- The Washington Times - Thursday, June 9, 2005

Airline jam

A Washington lawyer aboard US Airways Flight 532 last week from Miami to Ronald Reagan Washington National Airport, with a stopover in Charlotte, N.C., says the pilot of the flight made an intriguing, if not alarming, announcement over the intercom.

Shortly before touching down in Charlotte, the pilot announced to passengers that the landing was being delayed because somebody was “jamming” the plane’s communications with the control tower.

“We have a jamming problem,” the lawyer, who asks not to be identified, paraphrased the pilot. “We’ve gotten word from the tower that our radio frequencies are being jammed.”

Then these words: The problem could “involve national security.”

“Upon deplaning I went up to the captain and said, ‘Did I hear you correctly … that it could be by someone who is trying to do us harm?’ And he said yes, there is a problem here.

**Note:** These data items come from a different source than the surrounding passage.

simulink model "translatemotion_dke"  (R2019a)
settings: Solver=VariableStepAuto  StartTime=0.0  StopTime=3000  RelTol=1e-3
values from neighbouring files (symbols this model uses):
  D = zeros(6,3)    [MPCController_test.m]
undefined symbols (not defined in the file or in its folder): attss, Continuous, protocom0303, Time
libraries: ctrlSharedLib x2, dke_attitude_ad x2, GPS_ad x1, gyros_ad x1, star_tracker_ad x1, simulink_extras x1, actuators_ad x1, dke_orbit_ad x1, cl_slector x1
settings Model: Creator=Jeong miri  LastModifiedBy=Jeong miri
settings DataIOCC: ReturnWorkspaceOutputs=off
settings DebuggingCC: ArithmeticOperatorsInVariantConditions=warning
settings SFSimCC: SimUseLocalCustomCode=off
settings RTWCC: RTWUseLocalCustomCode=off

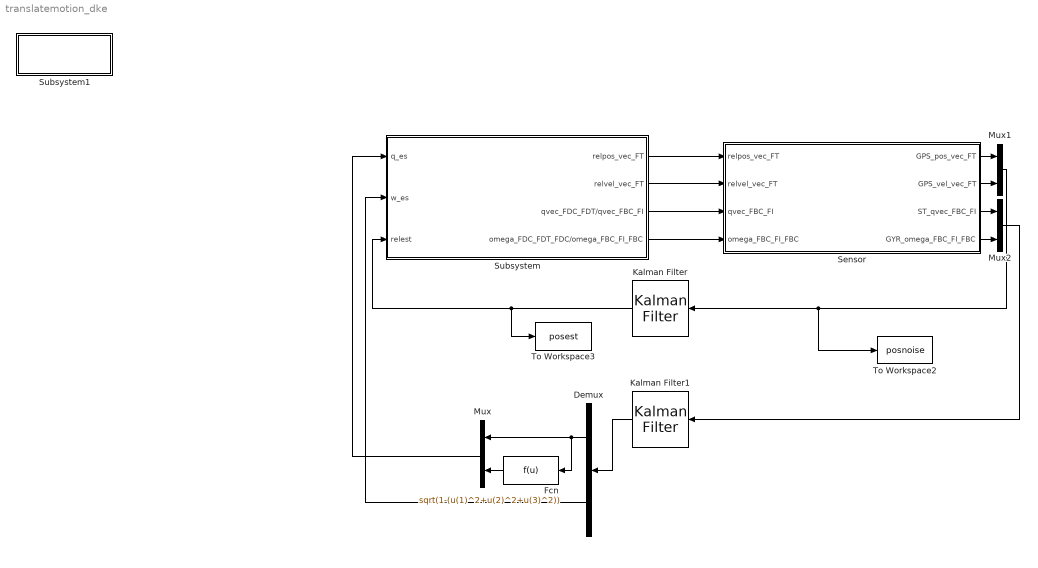
== system translatemotion_dke ==
  Demux : Demux  Outputs=2
  Fcn : Fcn  Expr=sqrt(1-(u(1)^2+u(2)^2+u(3)^2))
  Kalman Filter : ctrlSharedLib/Kalman Filter  TimeDomain=Continuous-Time  UseCurrentEstimator=on  ModelSource=Individual A, B, C, D matrices  ModelSourceVariable=sys  A=[zeros(3) eye(3); 0 0 0 0 0 0.002243; 0 -1.258e-6 0 0 0 0; 0 0 3.775e-6 -0.002243 0 0]  B=[zeros(3); 0.1*eye(3)]  C=[eye(6)]  D=[zeros(6,3)]  NumberOfStates=2  NumberOfInputs=2  NumberOfOutputs=2  InitialEstimateSource=Dialog  X0=[0 0 0 0 0 0]  P0=10*eye(3,3)  UseK=off  UseGH=off  NumberOfProcessNoiseInputs=2  G=eye(6)  TimeInvariantG=on  H=100*eye(6)  TimeInvariantH=on  Q=0.05*eye(6)  TimeInvariantQ=on  R=0.001*eye(6)  TimeInvariantR=on  N=0  TimeInvariantN=on  AddInputPort=off  AddEnablePort=off  OutputEstimatedY=off  OutputP=off  Ts=0.01
      settings: SourceProductBaseCode=CT
  Kalman Filter1 : ctrlSharedLib/Kalman Filter  TimeDomain=Continuous-Time  UseCurrentEstimator=on  ModelSource=Individual A, B, C, D matrices  ModelSourceVariable=sys  A=attss.A  B=attss.B  C=attss.C  D=attss.D  NumberOfStates=2  NumberOfInputs=2  NumberOfOutputs=2  InitialEstimateSource=Dialog  X0=[0 0 0 0 0 0]  P0=10*eye(3,3)  UseK=off  UseGH=off  NumberOfProcessNoiseInputs=2  G=eye(6)  TimeInvariantG=on  H=10*eye(6)  TimeInvariantH=on  Q=(0.25*pi/180)^2*eye(6)  TimeInvariantQ=on  R=[1e-4*eye(3) zeros(3); zeros(3) 2.5e-07*eye(3)]  TimeInvariantR=on  N=0  TimeInvariantN=on  AddInputPort=off  AddEnablePort=off  OutputEstimatedY=off  OutputP=off  Ts=0.01
      settings: SourceProductBaseCode=CT
  Mux : Mux  Inputs=2
  Mux1 : Mux  Inputs=2
  Mux2 : Mux  Inputs=2
  Sensor : Subsystem
  Subsystem : Subsystem
  Subsystem1 : Subsystem
  To Workspace2 : ToWorkspace  VariableName=posnoise  SaveFormat=Timeseries  SampleTime=-1
  To Workspace3 : ToWorkspace  VariableName=posest  SaveFormat=Timeseries  SampleTime=-1
  wires:
  Subsystem/1(relpos_vec_FT) -> Sensor/1(relpos_vec_FT)
  Subsystem/2(relvel_vec_FT) -> Sensor/2(relvel_vec_FT)
  Sensor/1(GPS_pos_vec_FT) -> Mux1/1
  Sensor/2(GPS_vel_vec_FT) -> Mux1/2
  Mux1/1 -> To Workspace2/1, Kalman Filter/1
  Kalman Filter/1 -> To Workspace3/1, Subsystem/3(relest)
  Subsystem/3(qvec_FDC_FDT/qvec_FBC_FI) -> Sensor/3(qvec_FBC_FI)
  Subsystem/4(omega_FDC_FDT_FDC/omega_FBC_FI_FBC) -> Sensor/4(omega_FBC_FI_FBC)
  Sensor/3(ST_qvec_FBC_FI) -> Mux2/1
  Sensor/4(GYR_omega_FBC_FI_FBC) -> Mux2/2
  Mux2/1 -> Kalman Filter1/1
  Kalman Filter1/1 -> Demux/1
  Demux/2 -> Subsystem/2(w_es)
  Mux/1 -> Subsystem/1(q_es)
  Demux/1 -> Fcn/1, Mux/1
  Fcn/1 -> Mux/2

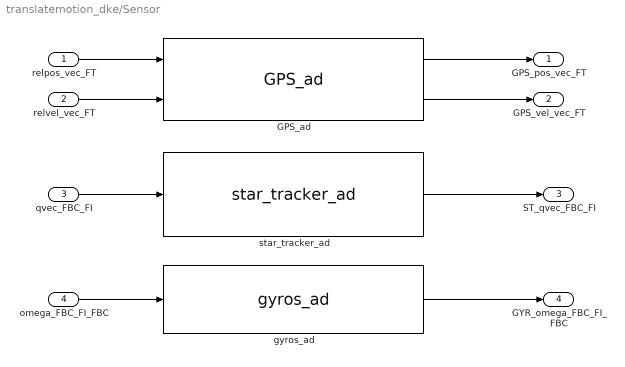
== system translatemotion_dke/Sensor ==
  relpos_vec_FT : Inport
  relvel_vec_FT : Inport  Port=2
  qvec_FBC_FI : Inport  Port=3
  omega_FBC_FI_FBC : Inport  Port=4
  GPS_ad : GPS_ad/GPS_ad  DiagCtrlNo=6  Ini_option=Specify via Dialog  InitFileName=D:\GNCDE\GPS_ad_init.m  NewFile_Action=Cancel  OldFile_Action=Cancel  InitStatus=off  GPS_ad_bias=[0,0,0,0,0,0]  GPS_ad_variance=[0.001,0.001,0.001,0.001,0.001,0.001]*0  GPS_ad_seed=[0,0,0,0,0,0]
  gyros_ad : gyros_ad/gyros_ad  DiagCtrlNo=6  Ini_option=Specify via Dialog  InitFileName=D:\GNCDE\gyros_ad_init.m  NewFile_Action=Cancel  OldFile_Action=Cancel  InitStatus=off  d_GYR1_FBC=[1 0 0]  d_GYR2_FBC=[0 1 0]  d_GYR3_FBC=[0 0 1]  GYR_ad_bias=[0 0 0]  GYR_ad_variance=[2.5e-07 2.5e-07 2.5e-07]*0  GYR_ad_seed=[0,0,0]
  star_tracker_ad : star_tracker_ad/star_tracker_ad  DiagCtrlNo=6  Ini_option=Specify via Dialog  InitFileName=D:\GNCDE\star_tracker_ad_init.m  NewFile_Action=Cancel  OldFile_Action=Cancel  InitStatus=off  ST_ad_bias=[0 0 0]  ST_ad_variance=[1e-4 1e-4 1e-4]*0  ST_ad_seed=[0,0,0]
  GPS_pos_vec_FT : Outport
  GPS_vel_vec_FT : Outport  Port=2
  ST_qvec_FBC_FI : Outport  Port=3
  GYR_omega_FBC_FI_FBC : Outport  Port=4
  wires:
  omega_FBC_FI_FBC/1 -> gyros_ad/1
  qvec_FBC_FI/1 -> star_tracker_ad/1
  gyros_ad/1 -> GYR_omega_FBC_FI_FBC/1
  GPS_ad/2 -> GPS_vel_vec_FT/1
  GPS_ad/1 -> GPS_pos_vec_FT/1
  relpos_vec_FT/1 -> GPS_ad/1
  relvel_vec_FT/1 -> GPS_ad/2
  star_tracker_ad/1 -> ST_qvec_FBC_FI/1

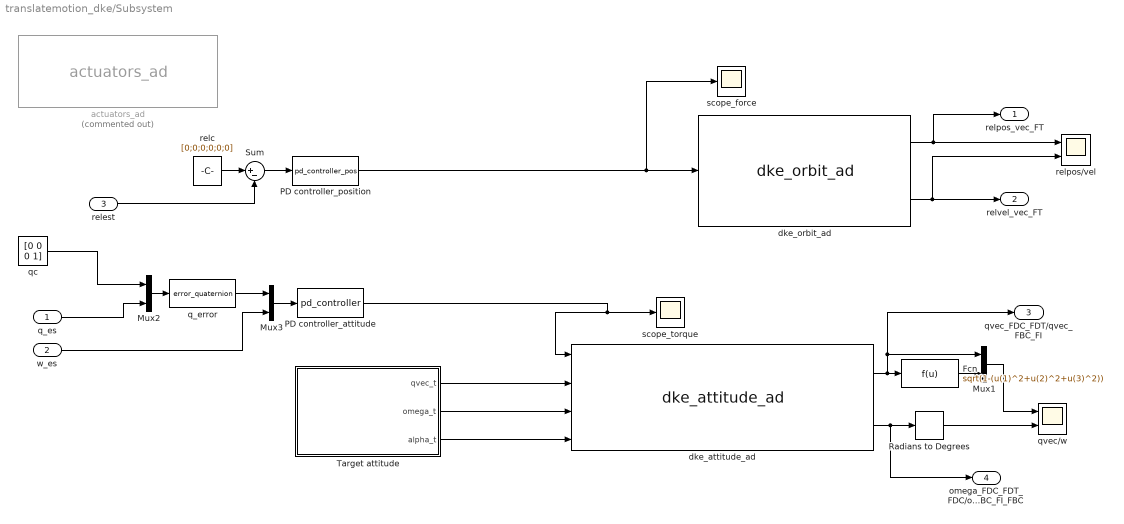
== system translatemotion_dke/Subsystem ==
  q_es : Inport
  w_es : Inport  Port=2
  relest : Inport  Port=3
  Fcn : Fcn  Expr=sqrt(1-(u(1)^2+u(2)^2+u(3)^2))
  Mux1 : Mux  Inputs=2
  Mux2 : Mux  Inputs=2
  Mux3 : Mux  Inputs=2
  PD controller_attitude : MATLABFcn  MATLABFcn=pd_controller  OutputDimensions=3
  PD controller_position : MATLABFcn  MATLABFcn=pd_controller_pos  OutputDimensions=3
  Radians to Degrees : simulink_extras/Transformations/Radians to Degrees
  Sum : Sum  Inputs=|+-
  Target attitude : Subsystem
  actuators_ad : actuators_ad/actuators_ad  Commented=on  DiagCtrlNo=6  Ini_option=Specify via Dialog  InitFileName=D:\GNCDE\working_folder\simulator\actuators_ad_init.m  NewFile_Action=Cancel  OldFile_Action=Cancel  InitStatus=off  AC_ad_bias=[0 0 0 0.00015 0.00015 0.00015]  AC_ad_variance=[0 0 0 1e-07 1e-07 1e-07]*0.1  AC_ad_seed=[0 0 0 0 0 0]
  dke_attitude_ad : dke_attitude_ad/dke_attitude_ad  DiagCtrlNo=6  Ini_option=Specify via Dialog  InitFileName=D:\GNCDE\dke_attitude_ad_init.m  NewFile_Action=Cancel  OldFile_Action=Cancel  InitStatus=off  q_FDT_FBT=[1 0 0 0]  omega_FDT_FI_FDT=[0;0;0]  C_inertia=[0.091, 0, 0;0, 0.121, 0;0, 0, 0.044]  init_qvec_FDC_FDCref="[0.0692   -0.1383    0.2075]"  init_omega_FDC_FDCref_FDC=[2 2 2]*pi/180
  dke_orbit_ad : dke_orbit_ad/dke_orbit_ad  DiagCtrlNo=6  Ini_option=Specify via Dialog  InitFileName=D:\GNCDE\dke_orbit_ad_init.m  NewFile_Action=Cancel  OldFile_Action=Cancel  InitStatus=off  C_pos_rel_FT=[0,0,0]  C_vel_rel_FT=[0,0,0]  C_ini_pos_rel_FT=[-10;0;0]  C_ini_vel_rel_FT=[0;0;0.0839]  C_mass=10  T_orbital_rate=0.0011
  q_error : MATLABFcn  MATLABFcn=error_quaternion  OutputDimensions=3
  qc : Constant  Value=[0 0 0 1]
  qvec/w : Scope  NumInputPorts=2
  relc : Constant  Value=[0;0;0;0;0;0]
  relpos/vel : Scope  NumInputPorts=2
  scope_force : Scope
  scope_torque : Scope
  relpos_vec_FT : Outport
  relvel_vec_FT : Outport  Port=2
  qvec_FDC_FDT/qvec_FBC_FI : Outport  Port=3
  omega_FDC_FDT_FDC/omega_FBC_FI_FBC : Outport  Port=4
  wires:
  dke_orbit_ad/1 -> relpos_vec_FT/1, relpos/vel/1
  relc/1 -> Sum/1
  Mux3/1 -> PD controller_attitude/1
  q_error/1 -> Mux3/1
  dke_attitude_ad/2 -> omega_FDC_FDT_FDC/omega_FBC_FI_FBC/1, Radians to Degrees/1
  dke_orbit_ad/2 -> relvel_vec_FT/1, relpos/vel/2
  Radians to Degrees/1 -> qvec/w/2
  Mux2/1 -> q_error/1
  Sum/1 -> PD controller_position/1
  Mux1/1 -> qvec/w/1
  dke_attitude_ad/1 -> Fcn/1, Mux1/1, qvec_FDC_FDT/qvec_FBC_FI/1
  w_es/1 -> Mux3/2
  q_es/1 -> Mux2/2
  relest/1 -> Sum/2
  PD controller_position/1 -> scope_force/1, dke_orbit_ad/1
  PD controller_attitude/1 -> dke_attitude_ad/1, scope_torque/1
  Fcn/1 -> Mux1/2
  Target attitude/3(alpha_t) -> dke_attitude_ad/4
  Target attitude/2(omega_t) -> dke_attitude_ad/3
  Target attitude/1(qvec_t) -> dke_attitude_ad/2
  qc/1 -> Mux2/1

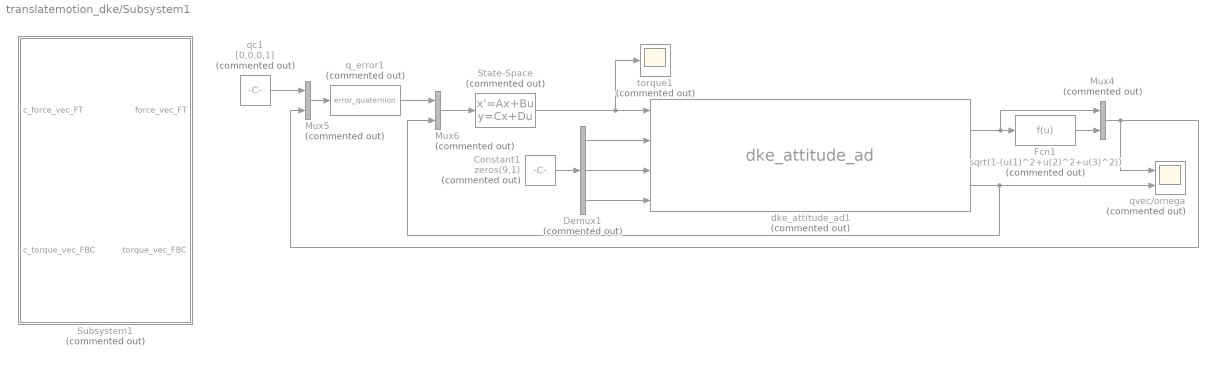
== system translatemotion_dke/Subsystem1 ==
  Constant1 : Constant  Commented=on  Value=zeros(9,1)
  Demux1 : Demux  Commented=on  Outputs=3
  Fcn1 : Fcn  Commented=on  Expr=sqrt(1-(u(1)^2+u(2)^2+u(3)^2))
  Mux4 : Mux  Commented=on  Inputs=2
  Mux5 : Mux  Commented=on  Inputs=2
  Mux6 : Mux  Commented=on  Inputs=2
  State-Space : StateSpace  Commented=on  A=zeros(6,6)  B=zeros(6,6)  C=zeros(3,6)  D=protocom0303.D  InitialCondition=0
  Subsystem1 : Subsystem  Commented=on
  dke_attitude_ad1 : dke_attitude_ad/dke_attitude_ad  Commented=on  DiagCtrlNo=6  Ini_option=Specify via Dialog  InitFileName=D:\GNCDE\dke_attitude_ad1_init.m  NewFile_Action=Cancel  OldFile_Action=Cancel  InitStatus=off  q_FDT_FBT=[1 0 0 0]  omega_FDT_FI_FDT=[0;0;0]  C_inertia=[0.091, 0, 0;0, 0.121, 0;0, 0, 0.044]  init_qvec_FDC_FDCref="[0.0692   -0.1383    0.2075]"  init_omega_FDC_FDCref_FDC=[2 2 2]*pi/180
  q_error1 : MATLABFcn  Commented=on  MATLABFcn=error_quaternion  OutputDimensions=3
  qc1 : Constant  Commented=on  Value=[0,0,0,1]
  qvec/omega : Scope  Commented=on  NumInputPorts=2
  torque1 : Scope  Commented=on
  wires:
  Mux4/1 -> qvec/omega/1, Mux5/2
  Fcn1/1 -> Mux4/2
  Constant1/1 -> Demux1/1
  Mux5/1 -> q_error1/1
  qc1/1 -> Mux5/1
  Demux1/2 -> dke_attitude_ad1/3
  Demux1/1 -> dke_attitude_ad1/2
  Demux1/3 -> dke_attitude_ad1/4
  dke_attitude_ad1/1 -> Fcn1/1, Mux4/1
  dke_attitude_ad1/2 -> qvec/omega/2, Mux6/2
  Mux6/1 -> State-Space/1
  q_error1/1 -> Mux6/1
  State-Space/1 -> torque1/1, dke_attitude_ad1/1

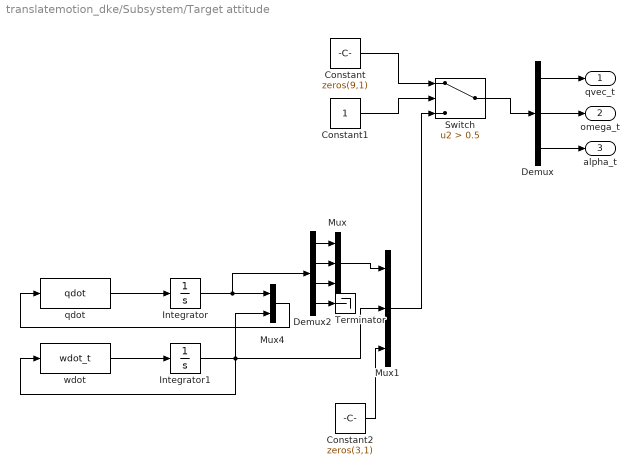
== system translatemotion_dke/Subsystem/Target attitude ==
  Constant : Constant  Value=zeros(9,1)
  Constant1 : Constant
  Constant2 : Constant  Value=zeros(3,1)
  Demux : Demux  Outputs=3
  Demux2 : Demux
  Integrator : Integrator  InitialCondition=[1 0 0 0]
  Integrator1 : Integrator  InitialCondition=[0.1 0.1 0.1]*pi/180*5
  Mux : Mux  Inputs=3
  Mux1 : Mux  Inputs=3
  Mux4 : Mux  Inputs=2
  Switch : Switch  Criteria=u2 > Threshold  Threshold=0.5
  Terminator : Terminator
  qdot : MATLABFcn  MATLABFcn=qdot
  wdot : MATLABFcn  MATLABFcn=wdot_t
  qvec_t : Outport
  omega_t : Outport  Port=2
  alpha_t : Outport  Port=3
  wires:
  Demux/3 -> alpha_t/1
  Demux/2 -> omega_t/1
  Demux/1 -> qvec_t/1
  Demux2/1 -> Mux/1
  qdot/1 -> Integrator/1
  Demux2/3 -> Mux/3
  wdot/1 -> Integrator1/1
  Demux2/4 -> Terminator/1
  Mux1/1 -> Switch/3
  Integrator1/1 -> wdot/1, Mux1/2, Mux4/2
  Mux/1 -> Mux1/1
  Mux4/1 -> qdot/1
  Demux2/2 -> Mux/2
  Integrator/1 -> Demux2/1, Mux4/1
  Switch/1 -> Demux/1
  Constant1/1 -> Switch/2
  Constant/1 -> Switch/1
  Constant2/1 -> Mux1/3

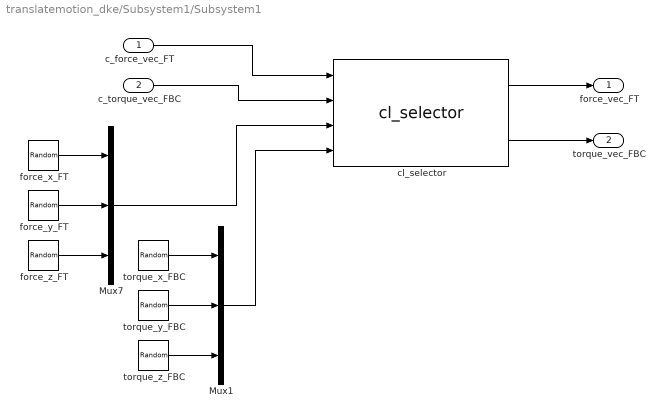
== system translatemotion_dke/Subsystem1/Subsystem1 ==
  c_force_vec_FT : Inport
  c_torque_vec_FBC : Inport  Port=2
  Mux1 : Mux  Inputs=3
  Mux7 : Mux  Inputs=3
  cl_selector : cl_slector/cl_selector  DiagCtrlNo=6  Ini_option=Specify via Dialog  InitFileName=D:\GNCDE\cl_selector_init.m  NewFile_Action=Cancel  OldFile_Action=Cancel  InitStatus=off  flag_cl_force=1  flag_cl_torque=1
  force_x_FT : RandomNumber  Variance=0.01  SampleTime=0.1
  force_y_FT : RandomNumber  Variance=0.01  Seed=1  SampleTime=0.1
  force_z_FT : RandomNumber  Variance=0.01  Seed=2  SampleTime=0.1
  torque_x_FBC : RandomNumber  Variance=0.01  SampleTime=0.1
  torque_y_FBC : RandomNumber  Variance=0.2  Seed=1  SampleTime=1
  torque_z_FBC : RandomNumber  Variance=0.2  Seed=2  SampleTime=1
  force_vec_FT : Outport
  torque_vec_FBC : Outport  Port=2
  wires:
  force_x_FT/1 -> Mux7/1
  force_z_FT/1 -> Mux7/3
  force_y_FT/1 -> Mux7/2
  Mux7/1 -> cl_selector/3
  torque_z_FBC/1 -> Mux1/3
  torque_x_FBC/1 -> Mux1/1
  Mux1/1 -> cl_selector/4
  torque_y_FBC/1 -> Mux1/2
  c_force_vec_FT/1 -> cl_selector/1
  c_torque_vec_FBC/1 -> cl_selector/2
  cl_selector/1 -> force_vec_FT/1
  cl_selector/2 -> torque_vec_FBC/1

It’s happened before.”

In the 26 years he’s been in the business, John Mazor, a spokesman for the Air Line Pilots Association, tells Inside the Beltway, ever so often there is a “flurry” of such incidents, including cases where somebody gets on the same radio frequency and imitates an air traffic controller, or else pretends to be a pilot.

As far as frequency jamming, he says: “Unless you find the source, you’re not sure if it’s inadvertent or on purpose. As you know from reporting on the lasers [being beamed at pilots from the ground], laser incidents go back 10 years. But it wasn’t until the September 11th attacks that we have to look at everything through national security lines now.”

Frequency jamming, like laser attacks, take on “a new dimension post-9/11. And it’s better to be safe than sorry,” he says.

Flat available

We have good news for filmmaker Morgan Spurlock, who will have the company of Massachusetts Sen. Edward M. Kennedy and former Clinton White House Chief of Staff John Podesta at a special Capitol Hill screening next Tuesday of his new TV documentary “30 Days.”

As we reminded readers yesterday, Mr. Spurlock, a West Virginia native, is the guy who spent 30 days eating nothing but McDonald’s food and lived to tell about it in the film “Super Size Me.”

In his latest Hollywood endeavor, Mr. Spurlock and his fiancee, Alex, spend a month trying to live on the minimum wage in Columbus, Ohio, where they struggle to find jobs and affordable housing.

Mike Beeler of Columbus, Ohio, writes to Inside the Beltway that Mr. Spurlock’s “experience in Columbus must be like a Michael Moore movie remake. I have owned several small businesses in Columbus, most recently a pizza restaurant.

“My experience in hiring staff is that you will never find kitchen help willing to accept the minimum wage. Hispanics here illegally demand as much as $9 per hour for washing dishes. Delivery drivers can make as much as $200 working just Friday and Saturday nights; that is $7 per hour plus tips, working only 14 hours,” he says.

“Bartenders working in most small bars make an average $100 or more in tips paer shift plus their hourly pay. Like most other Midwest cities, if you’re willing to work you can make an honest living here in Columbus,” he says.

“By the way, I will rent Mr. Spurlock a nice one-bedroom flat for only $475 a month and with some Section 8 money, he and his wife can live quite well courtesy of our government.”

That’s the one

“Is this the same Howard Dean who was criticized by Al Sharpton for not having any minorities on his [presidential campaign] staff?”

— Rep. Mario Diaz-Balart, Florida Republican, responding this week to Democrat National Committee chair Howard Dean’s characterization of Republicans as a party of white Christians.

Hillary reality

Recent “missteps” by Washington Republicans have resulted in a significant shift toward a second Clinton White House, says SportsInteraction.com, a licensed online sports book that now gives “5-to-1 odds” that Sen. Hillary Rodham Clinton would occupy the White House in 2008.

The recent filibuster fight, Social Security privatization, the war in Iraq and uneasiness in Iran and North Korea are leveling the playing field for 2008, according to the sports book.

“The way we see it, battered Democrats will gladly take 5-to-1 odds,” says spokesman Kevin Manning. “Conservatives may hope for a million-to-1, but when you’re making a bet, one has to deal with reality.”

Granddaddy Doolittle

“All fingers and toes are accounted for!”

— House Republican Conference Secretary Rep. John T. Doolittle, California Republican, welcoming the birth this week of his first grandchild, Lorelai Taylor Doolittle.